MATERIAL FOR THE TASK: Begin

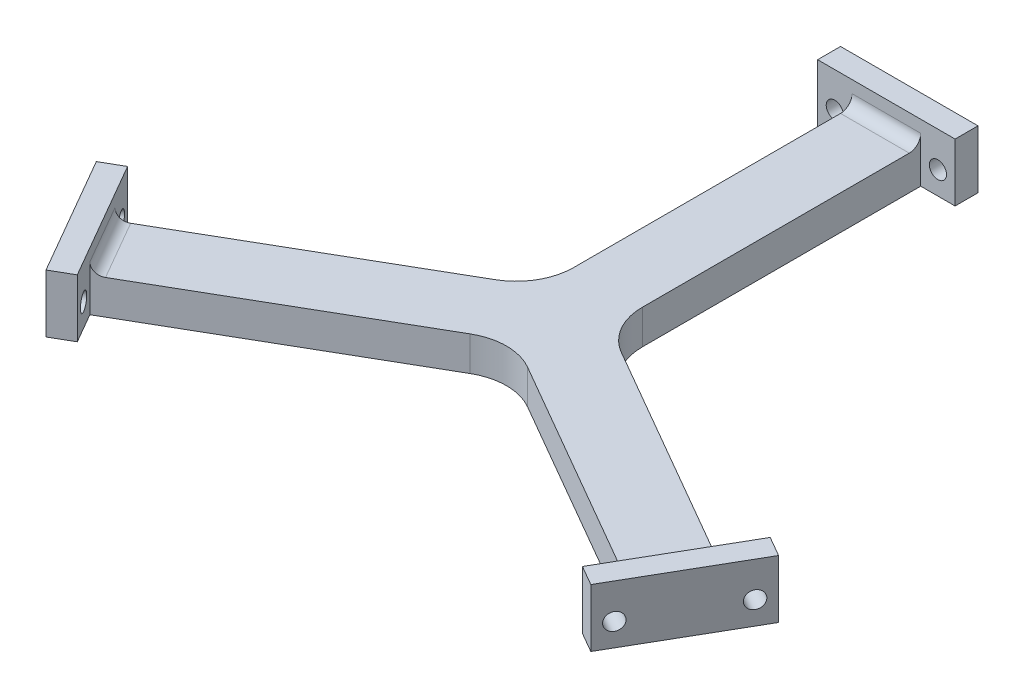
from build123d import *

# Parameters (mm, degrees)
SKETCH_1_W                       = 12
SKETCH_1_H                       = 61.85
EXTRUDE_1_DEPTH                  = 6
SKETCH_2_W                       = 24
SKETCH_2_H                       = 10.13
EXTRUDE_2_DEPTH                  = 4
SKETCH_3_R                       = 1.5
CUT_EXTRUDE_1_DEPTH              = 4
FILLET_1_R                       = 2
PATTERN_CIRCULAR_1_COUNT         = 3
FILLET_1_OF_PATTERN_CIRCULAR_1_R = 2
FILLET_2_R                       = 10


with BuildPart() as part:
    # 草图1 → 凸台-拉伸1 (new body)
    with BuildSketch(Plane(origin=(0, 0, 0), x_dir=(1, 0, 0), z_dir=(0, 1, 0))):
        with Locations((0, 30.925)):
            Rectangle(SKETCH_1_W, SKETCH_1_H)
    extrude_1 = extrude(amount=EXTRUDE_1_DEPTH)

    # 草图2 → 凸台-拉伸2 (add)
    with BuildSketch(Plane(origin=(0, 0, -61.85), x_dir=(-1, 0, 0), z_dir=(0, 0, -1))):
        with Locations((0, 5.065)):
            Rectangle(SKETCH_2_W, SKETCH_2_H)
    extrude_2 = extrude(amount=-EXTRUDE_2_DEPTH)

    # 草图3 → 切除-拉伸1 (cut)
    with BuildSketch(Plane.XY.offset(-57.85)):
        with Locations((-9, 4)):
            Circle(SKETCH_3_R)
        with Locations((9, 4)):
            Circle(SKETCH_3_R)
    cut_extrude_1 = extrude(amount=-CUT_EXTRUDE_1_DEPTH, mode=Mode.SUBTRACT)

    # 圆角1
    fillet_1_edges = [part.edges().sort_by_distance(p)[0] for p in [
        (0, 6, -57.85),
    ]]
    fillet(fillet_1_edges, radius=FILLET_1_R)

    # 阵列(圆周)1: 凸台-拉伸1, 凸台-拉伸2, 切除-拉伸1 ×3 about axis
    pattern_circular_1_axis = Axis((0, 6.3, 0), (0, -1, 0))
    add([extrude_1.rotate(pattern_circular_1_axis, i * 360 / PATTERN_CIRCULAR_1_COUNT) for i in range(1, PATTERN_CIRCULAR_1_COUNT)])
    add([extrude_2.rotate(pattern_circular_1_axis, i * 360 / PATTERN_CIRCULAR_1_COUNT) for i in range(1, PATTERN_CIRCULAR_1_COUNT)])
    add([cut_extrude_1.rotate(pattern_circular_1_axis, i * 360 / PATTERN_CIRCULAR_1_COUNT) for i in range(1, PATTERN_CIRCULAR_1_COUNT)], mode=Mode.SUBTRACT)

    # 圆角1 of 阵列(圆周)1
    fillet_1_of_pattern_circular_1_edges = [part.edges().sort_by_distance(p)[0] for p in [
        (50.099569609, 6, 28.925),
        (-50.099569609, 6, 28.925),
    ]]
    fillet(fillet_1_of_pattern_circular_1_edges, radius=FILLET_1_OF_PATTERN_CIRCULAR_1_R)

    # 圆角2
    fillet_2_edges = [part.edges().sort_by_distance(p)[0] for p in [
        (-6, 3, -3.464101615),
        (6, 3, -3.464101615),
        (0, 3, 6.92820323),
    ]]
    fillet(fillet_2_edges, radius=FILLET_2_R)


solid = part.part

MATERIAL FOR THE TASK: End

:: PROBLEM DETAILS ::
Pick each line holding "with" out of the entries above and return it.

:: ANSWER FOR THIS EXERCISE ::
with BuildPart() as part:
    with BuildSketch(Plane(origin=(0, 0, 0), x_dir=(1, 0, 0), z_dir=(0, 1, 0))):
        with Locations((0, 30.925)):
    with BuildSketch(Plane(origin=(0, 0, -61.85), x_dir=(-1, 0, 0), z_dir=(0, 0, -1))):
        with Locations((0, 5.065)):
    with BuildSketch(Plane.XY.offset(-57.85)):
        with Locations((-9, 4)):
        with Locations((9, 4)):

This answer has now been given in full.